The second issue is, faced with that information, what is the policy? To address the point made by the noble Lord, Lord Deben, we clearly all agree that if you are going to have behavioural change, somebody has to bear the price. It is a question of who bears that price, what the social consequences are of bearing it, what the structure of tariffs is—to go back to the point raised a few days ago by the noble Earl, Lord Cathcart and the noble Lord, Lord Teverson—and how they affect people’s behaviour and energy use. We can draw different conclusions. We can have a proper policy debate as long as we have the basic information in a form that is understandable, at least at some level, not only by us but in a public bar in Burton upon Trent.
The third dimension is the narrative. Wearing my consumer hat until very recently, I have argued that the narrative to consumers about where we are going on energy has been missing. Without that narrative, we are not going to convince the public in general that we have an energy policy that works for them and which has a clear outcome. From their different perspectives, the energy companies, consumer groups and the Government are in desperate need of a clear narrative, but it depends on having clarity of figures.
The last point addressed by the second amendment is about where we discuss this. Whether or not the exact form that my noble friend Lord Lea proposes is suitable for our approach to government, clearly there has to be somewhere where energy policy issues are addressed from the different objectives of energy policy: decarbonisation, fuel poverty, climate change, energy security, investment necessities, the structure of regulation and other government interventions. Of course, there are going to be definitional problems even with regard to the basic information. Is road fuel duty an environmental tax or not? It was started by Lloyd George when climate change was not a well known problem. It is difficult to say that it is entirely an environmental tax as distinct from a general tax-raising power. Likewise, is the winter fuel payment really to address fuel poverty or is it a supplement to social security policy?

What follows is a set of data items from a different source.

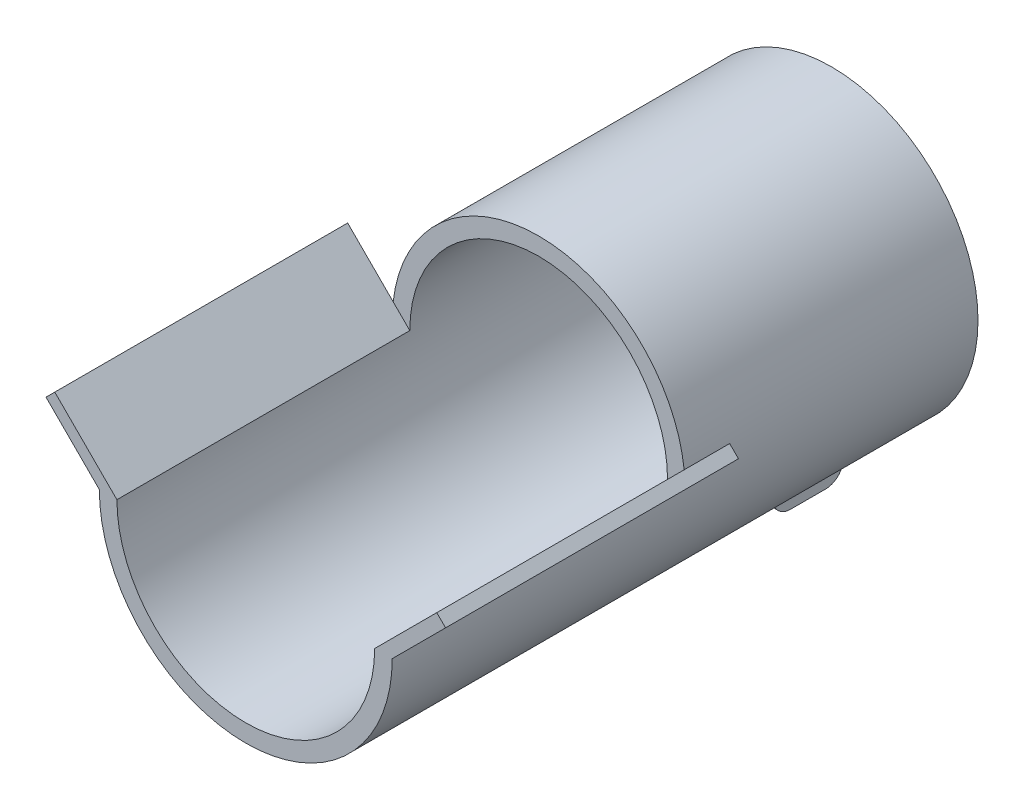
ISO-10303-21;
HEADER;
FILE_DESCRIPTION(('STEP AP214'),'2;1');
FILE_NAME('part.step','',(''),(''),'','','');
FILE_SCHEMA(('AUTOMOTIVE_DESIGN { 1 0 10303 214 1 1 1 1 }'));
ENDSEC;
DATA;
#1=APPLICATION_CONTEXT('core data for automotive mechanical design processes');
#2=APPLICATION_PROTOCOL_DEFINITION('international standard','automotive_design',2000,#1);
#3=PRODUCT_CONTEXT('',#1,'mechanical');
#4=PRODUCT('Part','Part','',(#3));
#5=PRODUCT_RELATED_PRODUCT_CATEGORY('part','',(#4));
#6=PRODUCT_DEFINITION_FORMATION('','',#4);
#7=PRODUCT_DEFINITION_CONTEXT('part definition',#1,'design');
#8=PRODUCT_DEFINITION('design','',#6,#7);
#9=PRODUCT_DEFINITION_SHAPE('','',#8);
#10=(LENGTH_UNIT() NAMED_UNIT(*) SI_UNIT(.MILLI.,.METRE.));
#11=(NAMED_UNIT(*) PLANE_ANGLE_UNIT() SI_UNIT($,.RADIAN.));
#12=(NAMED_UNIT(*) SI_UNIT($,.STERADIAN.) SOLID_ANGLE_UNIT());
#13=UNCERTAINTY_MEASURE_WITH_UNIT(LENGTH_MEASURE(1.E-05),#10,'distance_accuracy_value','');
#14=(GEOMETRIC_REPRESENTATION_CONTEXT(3) GLOBAL_UNCERTAINTY_ASSIGNED_CONTEXT((#13)) GLOBAL_UNIT_ASSIGNED_CONTEXT((#10,
#11,#12)) REPRESENTATION_CONTEXT('',''));
#15=CARTESIAN_POINT('',(0.,0.,0.));
#16=DIRECTION('',(0.,0.,1.));
#17=DIRECTION('',(1.,0.,0.));
#18=AXIS2_PLACEMENT_3D('',#15,#16,#17);
#19=CARTESIAN_POINT('',(0.,0.,100.));
#20=DIRECTION('',(0.,0.,1.));
#21=DIRECTION('',(1.,0.,0.));
#22=AXIS2_PLACEMENT_3D('',#19,#20,#21);
#23=PLANE('',#22);
#24=CARTESIAN_POINT('',(0.,0.,100.));
#25=DIRECTION('',(0.,0.,1.));
#26=DIRECTION('',(1.,0.,0.));
#27=AXIS2_PLACEMENT_3D('',#24,#25,#26);
#28=CIRCLE('',#27,22.);
#29=CARTESIAN_POINT('',(-22.,0.,100.));
#30=VERTEX_POINT('',#29);
#31=CARTESIAN_POINT('',(22.,0.,100.));
#32=VERTEX_POINT('',#31);
#33=EDGE_CURVE('E219',#30,#32,#28,.T.);
#34=ORIENTED_EDGE('',*,*,#33,.F.);
#35=DIRECTION('',(-0.707106781186546,0.707106781186549,0.));
#36=VECTOR('',#35,1.);
#37=CARTESIAN_POINT('',(-22.,0.,100.));
#38=LINE('',#37,#36);
#39=CARTESIAN_POINT('',(-32.6066017177982,10.6066017177982,100.));
#40=VERTEX_POINT('',#39);
#41=EDGE_CURVE('E205',#30,#40,#38,.T.);
#42=ORIENTED_EDGE('',*,*,#41,.T.);
#43=DIRECTION('',(-0.707106781186548,-0.707106781186547,0.));
#44=VECTOR('',#43,1.);
#45=CARTESIAN_POINT('',(-32.6066017177982,10.6066017177982,100.));
#46=LINE('',#45,#44);
#47=CARTESIAN_POINT('',(-34.1066017177982,9.10660171779823,100.));
#48=VERTEX_POINT('',#47);
#49=EDGE_CURVE('E212',#40,#48,#46,.T.);
#50=ORIENTED_EDGE('',*,*,#49,.T.);
#51=DIRECTION('',(0.707106781186546,-0.707106781186549,0.));
#52=VECTOR('',#51,1.);
#53=CARTESIAN_POINT('',(-34.1066017177982,9.10660171779823,100.));
#54=LINE('',#53,#52);
#55=CARTESIAN_POINT('',(-25.,0.,100.));
#56=VERTEX_POINT('',#55);
#57=EDGE_CURVE('E220',#48,#56,#54,.T.);
#58=ORIENTED_EDGE('',*,*,#57,.T.);
#59=CARTESIAN_POINT('',(0.,0.,100.));
#60=DIRECTION('',(0.,0.,1.));
#61=DIRECTION('',(1.,0.,0.));
#62=AXIS2_PLACEMENT_3D('',#59,#60,#61);
#63=CIRCLE('',#62,25.);
#64=CARTESIAN_POINT('',(25.,0.,100.));
#65=VERTEX_POINT('',#64);
#66=EDGE_CURVE('E297',#56,#65,#63,.T.);
#67=ORIENTED_EDGE('',*,*,#66,.T.);
#68=DIRECTION('',(0.707106781186546,0.707106781186549,0.));
#69=VECTOR('',#68,1.);
#70=CARTESIAN_POINT('',(34.1066017177982,9.10660171779823,100.));
#71=LINE('',#70,#69);
#72=CARTESIAN_POINT('',(34.1066017177982,9.10660171779823,100.));
#73=VERTEX_POINT('',#72);
#74=EDGE_CURVE('E235',#65,#73,#71,.T.);
#75=ORIENTED_EDGE('',*,*,#74,.T.);
#76=DIRECTION('',(-0.70710678118655,0.707106781186545,0.));
#77=VECTOR('',#76,1.);
#78=CARTESIAN_POINT('',(32.6066017177982,10.6066017177982,100.));
#79=LINE('',#78,#77);
#80=CARTESIAN_POINT('',(32.6066017177982,10.6066017177982,100.));
#81=VERTEX_POINT('',#80);
#82=EDGE_CURVE('E238',#73,#81,#79,.T.);
#83=ORIENTED_EDGE('',*,*,#82,.T.);
#84=DIRECTION('',(-0.707106781186546,-0.707106781186549,0.));
#85=VECTOR('',#84,1.);
#86=CARTESIAN_POINT('',(22.,0.,100.));
#87=LINE('',#86,#85);
#88=EDGE_CURVE('E242',#81,#32,#87,.T.);
#89=ORIENTED_EDGE('',*,*,#88,.T.);
#90=EDGE_LOOP('',(#34,#42,#50,#58,#67,#75,#83,#89));
#91=FACE_BOUND('',#90,.T.);
#92=ADVANCED_FACE('F35',(#91),#23,.T.);
#93=CARTESIAN_POINT('',(0.,0.,0.));
#94=DIRECTION('',(0.,0.,1.));
#95=DIRECTION('',(1.,0.,0.));
#96=AXIS2_PLACEMENT_3D('',#93,#94,#95);
#97=PLANE('',#96);
#98=CARTESIAN_POINT('',(8.,17.2336879396141,0.));
#99=DIRECTION('',(0.,0.,1.));
#100=DIRECTION('',(1.,0.,0.));
#101=AXIS2_PLACEMENT_3D('',#98,#99,#100);
#102=CIRCLE('',#101,3.);
#103=CARTESIAN_POINT('',(9.26315789473684,19.9547965616584,0.));
#104=VERTEX_POINT('',#103);
#105=CARTESIAN_POINT('',(5.00284428152018,17.3642926837229,0.));
#106=VERTEX_POINT('',#105);
#107=EDGE_CURVE('E312',#104,#106,#102,.T.);
#108=ORIENTED_EDGE('',*,*,#107,.T.);
#109=CARTESIAN_POINT('',(2.00568856304037,17.4948974278318,0.));
#110=DIRECTION('',(0.,0.,1.));
#111=DIRECTION('',(1.,0.,0.));
#112=AXIS2_PLACEMENT_3D('',#109,#110,#111);
#113=CIRCLE('',#112,3.);
#114=CARTESIAN_POINT('',(2.00568856304037,14.4948974278318,0.));
#115=VERTEX_POINT('',#114);
#116=EDGE_CURVE('E787',#106,#115,#113,.F.);
#117=ORIENTED_EDGE('',*,*,#116,.T.);
#118=DIRECTION('',(-1.,0.,0.));
#119=VECTOR('',#118,1.);
#120=CARTESIAN_POINT('',(5.,14.4948974278318,0.));
#121=LINE('',#120,#119);
#122=CARTESIAN_POINT('',(-2.00568856304037,14.4948974278318,0.));
#123=VERTEX_POINT('',#122);
#124=EDGE_CURVE('E289',#115,#123,#121,.T.);
#125=ORIENTED_EDGE('',*,*,#124,.T.);
#126=CARTESIAN_POINT('',(-2.00568856304037,17.4948974278318,0.));
#127=DIRECTION('',(0.,0.,1.));
#128=DIRECTION('',(1.,0.,0.));
#129=AXIS2_PLACEMENT_3D('',#126,#127,#128);
#130=CIRCLE('',#129,3.);
#131=CARTESIAN_POINT('',(-5.00284428152019,17.3642926837229,0.));
#132=VERTEX_POINT('',#131);
#133=EDGE_CURVE('E772',#123,#132,#130,.F.);
#134=ORIENTED_EDGE('',*,*,#133,.T.);
#135=CARTESIAN_POINT('',(-8.,17.2336879396141,0.));
#136=DIRECTION('',(0.,0.,1.));
#137=DIRECTION('',(1.,0.,0.));
#138=AXIS2_PLACEMENT_3D('',#135,#136,#137);
#139=CIRCLE('',#138,3.);
#140=CARTESIAN_POINT('',(-9.26315789473684,19.9547965616584,0.));
#141=VERTEX_POINT('',#140);
#142=EDGE_CURVE('E315',#132,#141,#139,.T.);
#143=ORIENTED_EDGE('',*,*,#142,.T.);
#144=CARTESIAN_POINT('',(0.,0.,0.));
#145=DIRECTION('',(0.,0.,1.));
#146=DIRECTION('',(1.,0.,0.));
#147=AXIS2_PLACEMENT_3D('',#144,#145,#146);
#148=CIRCLE('',#147,22.);
#149=EDGE_CURVE('E288',#141,#104,#148,.T.);
#150=ORIENTED_EDGE('',*,*,#149,.T.);
#151=EDGE_LOOP('',(#108,#117,#125,#134,#143,#150));
#152=FACE_BOUND('',#151,.T.);
#153=DIRECTION('',(0.,-1.,0.));
#154=VECTOR('',#153,1.);
#155=CARTESIAN_POINT('',(2.,-24.9198715887542,0.));
#156=LINE('',#155,#154);
#157=CARTESIAN_POINT('',(2.,-27.5499546279118,0.));
#158=VERTEX_POINT('',#157);
#159=CARTESIAN_POINT('',(2.,-31.9198715887542,0.));
#160=VERTEX_POINT('',#159);
#161=EDGE_CURVE('E271',#158,#160,#156,.T.);
#162=ORIENTED_EDGE('',*,*,#161,.T.);
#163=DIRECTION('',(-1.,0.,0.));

There will be serious definitional problems, but let us get them out in the open. We can then move on to clearer policy discussion and to a narrative that the public might eventually be persuaded to understand. Although noble Lords will no doubt have some problems with aspects of the amendments as down, it would behove all of us to recognise that these four issues need to be addressed. At the moment, one of the problems of energy policy is that people have got hold of part of the problem but cannot see the totality. One of the reasons for that is the lack of agreed and clear statistics and information on the basic facts about energy.
I agree with my noble friend that our noble friend has opened up huge issues, but does he not agree that what this exchange really illustrates is that we limit ourselves by talking about energy as though it were a commodity, when it is not? Like water and the atmosphere, it is a public good, in effect, because human societies simply cannot operate without it. From that standpoint, these strategic considerations and how they come together are crucial.
It is a public good, but public goods also have a price, and somebody has to bear that price. The public good of energy is a variable commodity in the form in which it comes, in the way that water and air are not. Therefore, there are more policy options and more complications.